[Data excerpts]

=== Section Start ===

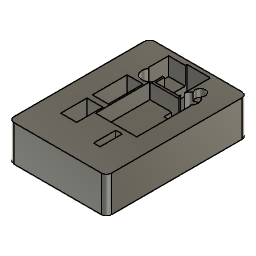
soldering jig v4 (Autodesk Fusion 360 design; units mm, degrees)
Autodesk Fusion 360 part; units mm, degrees
(part 1 of 4)
sketch "Universal_Board_Side_Mount" plane through (0, 0, 0) normal (0, 0, 1) x (1, 0, 0)
  arc A0 (2.8448, 30.9521) -> (2.7093, 31.3585) centre (2.1675, 30.9521) ccw
  arc A1 (2.2648, 29.4642) -> (2.341, 29.4642) centre (2.3029, 29.4642) ccw
  arc A2 (2.1675, 30.7715) -> (2.4836, 30.5909) centre (2.4836, 30.9577) ccw
  arc A3 (1.2192, 29.9158) -> (1.4901, 29.6448) centre (1.4902, 29.9158) ccw
  arc A4 (1.2573, 29.9158) -> (1.1811, 29.9158) centre (1.2192, 29.9158) ccw
  arc A5 (1.5804, 31.4107) -> (1.5804, 31.4869) centre (1.5804, 31.4488) ccw
  arc A6 (1.5804, 31.4488) -> (1.2192, 31.0876) centre (1.5804, 31.0876) ccw
  arc A7 (1.8637, 31.2489) -> (1.9294, 31.2875) centre (1.8965, 31.2682) ccw
  arc A8 (2.4836, 23.7652) -> (2.8448, 24.1265) centre (2.4835, 24.1265) ccw
  line L0 (2.8448, 29.6448) -> (1.4901, 29.6448)
  arc A9 (2.4836, 30.5909) -> (2.8448, 30.9521) centre (2.4836, 30.9521) ccw
  arc A10 (2.4836, 30.5528) -> (2.4836, 30.629) centre (2.4836, 30.5909) ccw
  arc A11 (2.4836, 23.8033) -> (2.4836, 23.7271) centre (2.4836, 23.7652) ccw
  arc A12 (1.2192, 31.0876) -> (1.445, 30.5457) centre (1.9824, 31.0876) ccw
  arc A13 (2.8067, 24.1265) -> (2.8829, 24.1265) centre (2.8448, 24.1265) ccw
  arc A14 (1.8965, 31.2682) -> (1.5804, 31.4488) centre (1.5804, 31.082) ccw
  arc A15 (1.4901, 29.6829) -> (1.4901, 29.6067) centre (1.4901, 29.6448) ccw
  arc A16 (2.8448, 29.6067) -> (2.8448, 29.6829) centre (2.8448, 29.6448) ccw
  arc A17 (1.4901, 29.6067) -> (1.4901, 29.6829) centre (1.4901, 29.6448) ccw
  arc A18 (1.4901, 32.7867) -> (1.4901, 32.8629) centre (1.4901, 32.8248) ccw
  line L1 (1.2192, 29.9158) -> (1.2192, 30.0061)
  arc A19 (1.2573, 30.0061) -> (1.1811, 30.0061) centre (1.2192, 30.0061) ccw
  arc A20 (1.1811, 31.0876) -> (1.2573, 31.0876) centre (1.2192, 31.0876) ccw
  arc A21 (2.8829, 24.1265) -> (2.8067, 24.1265) centre (2.8448, 24.1265) ccw
  arc A22 (2.8448, 24.1265) -> (2.7093, 24.5329) centre (2.1675, 24.1265) ccw
  arc A23 (2.7398, 24.5557) -> (2.6789, 24.51) centre (2.7093, 24.5329) ccw
  arc A24 (1.1811, 29.9158) -> (1.2573, 29.9158) centre (1.2192, 29.9158) ccw
  arc A25 (1.1811, 24.262) -> (1.2573, 24.262) centre (1.2192, 24.262) ccw
  arc A26 (2.4836, 23.7271) -> (2.4836, 23.8033) centre (2.4836, 23.7652) ccw
  arc A27 (2.4836, 30.629) -> (2.4836, 30.5528) centre (2.4836, 30.5909) ccw
  arc A28 (2.2003, 23.9652) -> (2.1346, 23.9265) centre (2.1675, 23.9459) ccw
  arc A29 (1.2192, 24.262) -> (1.445, 23.7201) centre (1.9824, 24.262) ccw
  arc A30 (2.8067, 30.9521) -> (2.8829, 30.9521) centre (2.8448, 30.9521) ccw
  arc A31 (1.4181, 23.693) -> (1.4718, 23.7471) centre (1.445, 23.7201) ccw
  arc A32 (2.032, 34.8114) -> (2.032, 34.8876) centre (2.032, 34.8495) ccw
  line L2 (2.8448, 33.4913) -> (2.7545, 33.4913)
  arc A33 (2.341, 32.5538) -> (2.2648, 32.5538) centre (2.3029, 32.5538) ccw
  arc A34 (2.3029, 34.5786) -> (2.032, 34.8495) centre (2.032, 34.5786) ccw
  arc A35 (2.8448, 33.4532) -> (2.8448, 33.5294) centre (2.8448, 33.4913) ccw
  arc A36 (1.969, 37.4483) -> (2.0047, 37.5157) centre (1.9868, 37.482) ccw
  arc A37 (1.5804, 24.6613) -> (1.5804, 24.5851) centre (1.5804, 24.6232) ccw
  arc A38 (2.134, 23.9276) -> (2.2009, 23.9641) centre (2.1674, 23.9459) ccw
  arc A39 (2.8067, 36.0444) -> (2.8829, 36.0444) centre (2.8448, 36.0444) ccw
  line L3 (2.3029, 34.127) -> (2.3029, 34.5786)
  arc A40 (2.1675, 23.9459) -> (2.4836, 23.7652) centre (2.4836, 24.1321) ccw
  arc A41 (1.2072, 39.6306) -> (1.2312, 39.5583) centre (1.2192, 39.5945) ccw
  arc A42 (2.4384, 36.4508) -> (2.1223, 36.3154) centre (2.4383, 36.0144) ccw
  line L4 (2.3029, 37.8884) -> (1.7611, 37.1659)
  arc A43 (2.341, 34.5786) -> (2.2648, 34.5786) centre (2.3029, 34.5786) ccw
  arc A44 (2.4718, 35.5839) -> (2.4953, 35.5115) centre (2.4836, 35.5477) ccw
  arc A45 (2.8829, 36.0444) -> (2.8067, 36.0444) centre (2.8448, 36.0444) ccw
  arc A46 (1.5804, 24.5851) -> (1.5804, 24.6613) centre (1.5804, 24.6232) ccw
  arc A47 (2.3029, 34.0889) -> (2.3029, 34.1651) centre (2.3029, 34.127) ccw
  arc A48 (2.8448, 41.0464) -> (2.4384, 41.4528) centre (2.4384, 41.0464) ccw
  line L5 (2.1223, 36.3154) -> (1.2192, 35.5477)
  arc A49 (1.1945, 35.5767) -> (1.2439, 35.5187) centre (1.2192, 35.5477) ccw
  arc A50 (2.4384, 36.4127) -> (2.4384, 36.4889) centre (2.4384, 36.4508) ccw
  arc A51 (2.0947, 36.3416) -> (2.1499, 36.2891) centre (2.1223, 36.3154) ccw
  arc A52 (2.7164, 33.401) -> (2.7926, 33.401) centre (2.7545, 33.401) ccw
  arc A53 (1.8637, 24.4232) -> (1.9294, 24.4619) centre (1.8966, 24.4426) ccw
  arc A54 (2.8067, 41.0464) -> (2.8829, 41.0464) centre (2.8448, 41.0464) ccw
  arc A55 (2.032, 34.8876) -> (2.032, 34.8114) centre (2.032, 34.8495) ccw
  line L6 (1.2192, 37.1659) -> (2.8448, 37.1659)
  arc A56 (2.3334, 37.8655) -> (2.2725, 37.9113) centre (2.303, 37.8884) ccw
  line L7 (2.8448, 33.401) -> (2.8448, 33.4913)
  arc A57 (2.7545, 33.4391) -> (2.7545, 33.3629) centre (2.7545, 33.401) ccw
  line L8 (2.032, 34.8495) -> (1.2192, 34.8495)
  arc A58 (2.2648, 34.127) -> (2.341, 34.127) centre (2.3029, 34.127) ccw
  arc A59 (2.4718, 40.5859) -> (2.4953, 40.5134) centre (2.4836, 40.5496) ccw
  arc A60 (1.5804, 24.6232) -> (1.2192, 24.262) centre (1.5804, 24.262) ccw
  line L9 (1.2192, 39.5944) -> (2.3029, 39.9557)
  line L10 (1.8965, 24.4426) -> (2.1675, 23.9459)
  arc A61 (2.8067, 33.401) -> (2.8829, 33.401) centre (2.8448, 33.401) ccw
  arc A62 (1.8965, 24.4426) -> (1.5804, 24.6232) centre (1.5804, 24.2564) ccw
  arc A63 (1.4901, 32.8629) -> (1.4901, 32.7867) centre (1.4901, 32.8248) ccw
  arc A64 (2.8448, 33.3629) -> (2.8448, 33.4391) centre (2.8448, 33.401) ccw
  arc A65 (2.7545, 33.5294) -> (2.7545, 33.4532) centre (2.7545, 33.4913) ccw
  arc A66 (1.93, 31.2865) -> (1.8631, 31.25) centre (1.8966, 31.2682) ccw
  arc A67 (1.2312, 39.6306) -> (1.2072, 39.5583) centre (1.2192, 39.5945) ccw
  arc A68 (1.2573, 24.262) -> (1.1811, 24.2619) centre (1.2192, 24.2619) ccw
  arc A69 (2.4384, 41.4909) -> (2.4384, 41.4147) centre (2.4384, 41.4528) ccw
  line L11 (2.3029, 39.2332) -> (1.2192, 39.5944)
  arc A70 (2.4836, 35.5477) -> (2.8448, 36.0444) centre (2.3227, 36.0444) ccw
  arc A71 (2.4836, 40.5497) -> (2.8448, 41.0464) centre (2.3227, 41.0464) ccw
  arc A72 (2.4384, 36.4889) -> (2.4384, 36.4127) centre (2.4384, 36.4508) ccw
  arc A73 (1.2192, 37.204) -> (1.2192, 37.1278) centre (1.2192, 37.1659) ccw
  arc A74 (11.3867, 7.6438) -> (11.3674, 7.6766) centre (11.3771, 7.6602) ccw
  arc A75 (1.237, 37.9221) -> (1.2014, 37.8547) centre (1.2192, 37.8884) ccw
  line L12 (11.3771, 7.6602) -> (11.6021, 7.783)
  arc A76 (2.4384, 41.4147) -> (2.4384, 41.4909) centre (2.4384, 41.4528) ccw
  arc A77 (1.7306, 37.1888) -> (1.7915, 37.1431) centre (1.761, 37.1659) ccw
  arc A78 (11.3143, 7.517) -> (11.2762, 7.517) centre (11.2953, 7.517) ccw
  arc A79 (1.2192, 34.8876) -> (1.2192, 34.8114) centre (1.2192, 34.8495) ccw
  line L13 (1.2192, 35.5477) -> (1.2192, 36.4508)
  line L14 (29.1592, 41.6532) -> (28.3803, 41.6532)
  arc A80 (11.3247, 8.0438) -> (11.3476, 8.0133) centre (11.3361, 8.0285) ccw
  arc A81 (11.3771, 7.6602) -> (11.2952, 7.517) centre (11.4614, 7.5169) ccw
  arc A82 (24.7438, 43.7776) -> (24.7438, 43.7395) centre (24.7438, 43.7585) ccw
  line L15 (25.2349, 43.7586) -> (24.7438, 43.7586)
  arc A83 (2.7926, 33.4913) -> (2.7164, 33.4913) centre (2.7545, 33.4913) ccw
  arc A84 (11.718, 7.4422) -> (11.6909, 7.469) centre (11.7044, 7.4556) ccw
  line L16 (24.9894, 43.513) -> (24.9894, 44.0041)
  line L17 (11.9084, 40.084) -> (11.9084, 40.5751)
  arc A85 (2.0947, 41.3436) -> (2.1499, 41.2911) centre (2.1223, 41.3173) ccw
  line L18 (2.1223, 41.3173) -> (1.2192, 40.5497)
  line L19 (1.2192, 40.5497) -> (1.2192, 41.4528)
  arc A86 (2.315, 39.9195) -> (2.2909, 39.9918) centre (2.303, 39.9557) ccw
  arc A87 (1.1811, 40.5497) -> (1.2573, 40.5497) centre (1.2192, 40.5497) ccw
  arc A88 (28.3803, 43.8376) -> (28.3803, 43.7868) centre (28.3803, 43.8122) ccw
  arc A89 (2.3029, 33.4081) -> (2.3029, 33.4843) centre (2.3029, 33.4462) ccw
  arc A90 (2.8448, 36.0444) -> (2.4384, 36.4508) centre (2.4384, 36.0444) ccw
  arc A91 (24.8539, 41.9615) -> (24.8539, 41.9996) centre (24.8539, 41.9806) ccw
  arc A92 (11.8893, 40.084) -> (11.9274, 40.084) centre (11.9084, 40.084) ccw
  arc A93 (25.0084, 44.0041) -> (24.9703, 44.0041) centre (24.9894, 44.0041) ccw
  line L20 (29.1592, 43.8122) -> (28.3803, 43.8122)
  arc A94 (28.3803, 41.6786) -> (28.3803, 41.6278) centre (28.3803, 41.6532) ccw
  arc A95 (2.2648, 34.5786) -> (2.341, 34.5786) centre (2.3029, 34.5786) ccw
  arc A96 (2.8829, 33.4913) -> (2.8067, 33.4913) centre (2.8448, 33.4913) ccw
  arc A97 (29.1592, 41.6278) -> (29.1592, 41.6786) centre (29.1592, 41.6532) ccw
  arc A98 (24.9703, 43.513) -> (25.0084, 43.513) centre (24.9894, 43.513) ccw
  arc A99 (1.2573, 36.4508) -> (1.1811, 36.4508) centre (1.2192, 36.4508) ccw
  arc A100 (11.5925, 7.7994) -> (11.6118, 7.7666) centre (11.6021, 7.783) ccw
  arc A101 (12.1539, 40.3105) -> (12.1539, 40.3486) centre (12.1539, 40.3295) ccw
  arc A102 (9.2329, 45.7715) -> (9.2329, 45.8096) centre (9.2329, 45.7906) ccw
  line L21 (1.2192, 37.8884) -> (1.9868, 37.482)
  arc A103 (1.1811, 35.5477) -> (1.2573, 35.5477) centre (1.2192, 35.5477) ccw
  arc A104 (11.6113, 7.7663) -> (11.593, 7.7997) centre (11.6021, 7.783) ccw
  arc A105 (24.6274, 42.2261) -> (24.5893, 42.2261) centre (24.6084, 42.2261) ccw
  arc A106 (11.6628, 40.3486) -> (11.6628, 40.3105) centre (11.6628, 40.3295) ccw
  arc A107 (1.2573, 41.4528) -> (1.1811, 41.4528) centre (1.2192, 41.4528) ccw
  arc A108 (2.8448, 37.1278) -> (2.8448, 37.204) centre (2.8448, 37.1659) ccw
  line L22 (1.2192, 34.127) -> (2.3029, 34.127)
  arc A109 (29.1592, 43.7868) -> (29.1592, 43.8376) centre (29.1592, 43.8122) ccw
  arc A110 (2.8829, 41.0464) -> (2.8067, 41.0464) centre (2.8448, 41.0464) ccw
  line L23 (2.7545, 33.401) -> (2.8448, 33.401)
  arc A111 (25.2349, 43.7395) -> (25.2349, 43.7776) centre (25.2349, 43.7585) ccw
  line L24 (2.7545, 33.4913) -> (2.7545, 33.401)
  arc A112 (24.3628, 41.9996) -> (24.3628, 41.9615) centre (24.3628, 41.9806) ccw
  line L25 (7.9629, 42.3616) -> (7.4718, 42.3616)
  arc A113 (7.4718, 42.3806) -> (7.4718, 42.3425) centre (7.4718, 42.3616) ccw
  arc A114 (2.2909, 39.197) -> (2.315, 39.2693) centre (2.303, 39.2332) ccw
  arc A115 (11.3679, 7.6769) -> (11.3862, 7.6435) centre (11.3771, 7.6602) ccw
  arc A116 (1.2192, 34.1651) -> (1.2192, 34.0889) centre (1.2192, 34.127) ccw
  arc A117 (2.147, 36.2863) -> (2.0976, 36.3444) centre (2.1223, 36.3154) ccw
  arc A118 (11.2762, 7.517) -> (11.3143, 7.517) centre (11.2953, 7.517) ccw
  line L26 (24.6084, 41.735) -> (24.6084, 42.2261)
  arc A119 (1.2192, 33.4843) -> (1.2192, 33.4081) centre (1.2192, 33.4462) ccw
  line L27 (9.2329, 45.7906) -> (8.7418, 45.7906)
  line L28 (9.8677, 8.0899) -> (9.8268, 8.0899)
  arc A120 (10.3484, 7.8444) -> (10.3103, 7.8444) centre (10.3294, 7.8444) ccw
  arc A121 (7.9629, 42.3425) -> (7.9629, 42.3806) centre (7.9629, 42.3616) ccw
  arc A122 (11.6649, 7.9262) -> (11.703, 7.9262) centre (11.6839, 7.9262) ccw
  arc A123 (8.8056, 7.6807) -> (8.8437, 7.6807) centre (8.8247, 7.6807) ccw
  line L29 (7.9629, 15.9456) -> (7.4718, 15.9456)
  arc A124 (11.5203, 8.0709) -> (11.5203, 8.1089) centre (11.5203, 8.0899) ccw
  arc A125 (11.4589, 7.3723) -> (11.4589, 7.3343) centre (11.4589, 7.3533) ccw
  arc A126 (9.4328, 7.3723) -> (9.4328, 7.3342) centre (9.4328, 7.3533) ccw
  arc A127 (9.5774, 7.4761) -> (9.6155, 7.4761) centre (9.5965, 7.4761) ccw
  arc A128 (9.152, 7.6807) -> (8.8246, 7.6807) centre (8.9883, 7.6807) ccw
  arc A129 (11.6021, 7.783) -> (11.684, 7.9262) centre (11.5178, 7.9263) ccw
  arc A130 (1.1945, 40.5787) -> (1.2439, 40.5207) centre (1.2192, 40.5497) ccw
  arc A131 (10.7761, 7.8253) -> (10.7762, 7.8634) centre (10.7761, 7.8444) ccw
  line L30 (8.8246, 7.6807) -> (8.8246, 7.5988)
  arc A132 (11.684, 7.9262) -> (11.5203, 8.0899) centre (11.5203, 7.9262) ccw
  arc A133 (11.2952, 7.517) -> (11.4589, 7.3533) centre (11.4589, 7.517) ccw
  line L31 (24.8539, 41.9806) -> (24.3628, 41.9806)
  line L32 (10.3294, 7.3533) -> (10.3294, 7.8444)
  arc A134 (9.171, 7.6807) -> (9.1329, 7.6807) centre (9.1519, 7.6807) ccw
  line L33 (12.1539, 40.3296) -> (11.6628, 40.3296)
  arc A135 (10.3103, 7.3533) -> (10.3484, 7.3533) centre (10.3294, 7.3533) ccw
  arc A136 (9.9714, 7.3533) -> (10.0095, 7.3533) centre (9.9904, 7.3533) ccw
  arc A137 (10.6724, 7.7216) -> (10.6343, 7.7216) centre (10.6534, 7.7216) ccw
  line L34 (9.9904, 7.3533) -> (9.9904, 7.9671)
  line L35 (10.6534, 7.7216) -> (10.6534, 7.3533)
  arc A138 (8.7418, 45.8096) -> (8.7418, 45.7715) centre (8.7418, 45.7906) ccw
  arc A139 (7.4718, 15.9646) -> (7.4718, 15.9265) centre (7.4718, 15.9455) ccw
  arc A140 (9.4328, 7.8634) -> (9.4328, 7.8253) centre (9.4328, 7.8444) ccw
  arc A141 (7.9629, 15.9265) -> (7.9629, 15.9646) centre (7.9629, 15.9455) ccw
  arc A142 (9.8677, 8.109) -> (9.8677, 8.0709) centre (9.8677, 8.0899) ccw
  arc A143 (11.4589, 7.3343) -> (11.4589, 7.3723) centre (11.4589, 7.3533) ccw
  arc A144 (11.703, 7.9262) -> (11.6649, 7.9262) centre (11.6839, 7.9262) ccw
  arc A145 (9.0292, 7.3723) -> (9.0292, 7.3342) centre (9.0292, 7.3533) ccw
  arc A146 (10.6343, 7.7216) -> (10.6724, 7.7216) centre (10.6534, 7.7216) ccw
  arc A147 (10.3499, 8.0299) -> (10.3499, 8.068) centre (10.3499, 8.0489) ccw
  arc A148 (10.2899, 8.049) -> (10.328, 8.049) centre (10.309, 8.049) ccw
  arc A149 (8.8246, 7.3723) -> (8.8246, 7.3342) centre (8.8246, 7.3533) ccw
  arc A150 (10.6343, 7.3533) -> (10.6724, 7.3533) centre (10.6534, 7.3533) ccw
  arc A151 (10.3089, 8.109) -> (10.3089, 8.0709) centre (10.3089, 8.0899) ccw
  line L36 (9.5965, 8.0899) -> (9.5965, 7.4761)
  arc A152 (10.9617, 7.3533) -> (10.9998, 7.3533) centre (10.9808, 7.3533) ccw
  arc A153 (10.3499, 8.0709) -> (10.3499, 8.109) centre (10.3499, 8.0899) ccw
  line L37 (10.0723, 7.8444) -> (9.8268, 7.8444)
  line L38 (10.9808, 7.8444) -> (10.7762, 7.8444)
  line L39 (10.3089, 8.0899) -> (10.3089, 8.049)
  arc A154 (9.9714, 7.9671) -> (10.0095, 7.9671) centre (9.9904, 7.9671) ccw
  arc A155 (2.147, 41.2883) -> (2.0976, 41.3464) centre (2.1223, 41.3173) ccw
  arc A156 (11.5203, 8.0899) -> (11.3361, 8.0285) centre (11.5203, 7.7829) ccw
  arc A157 (2.4384, 41.4528) -> (2.1223, 41.3173) centre (2.4384, 41.0163) ccw
  arc A158 (11.5203, 8.109) -> (11.5203, 8.0709) centre (11.5203, 8.0899) ccw
  arc A159 (10.0095, 7.9671) -> (9.9714, 7.9671) centre (9.9904, 7.9671) ccw
  arc A160 (9.6155, 8.0899) -> (9.5774, 8.0899) centre (9.5965, 8.0899) ccw
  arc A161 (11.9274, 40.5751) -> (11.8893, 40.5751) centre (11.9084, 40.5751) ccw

=== Section End ===

**TASK INSTRUCTIONS:**
When the line with "arc A14 (1.8965, 31.2682)" is reached in the data above, start copying there, and copy each line exactly until the line with "arc A16 (2.8448, 29.6067)" has been copied; copy nothing else.

**REPLY TO THE EXERCISE:**
  arc A14 (1.8965, 31.2682) -> (1.5804, 31.4488) centre (1.5804, 31.082) ccw
  arc A15 (1.4901, 29.6829) -> (1.4901, 29.6067) centre (1.4901, 29.6448) ccw
  arc A16 (2.8448, 29.6067) -> (2.8448, 29.6829) centre (2.8448, 29.6448) ccw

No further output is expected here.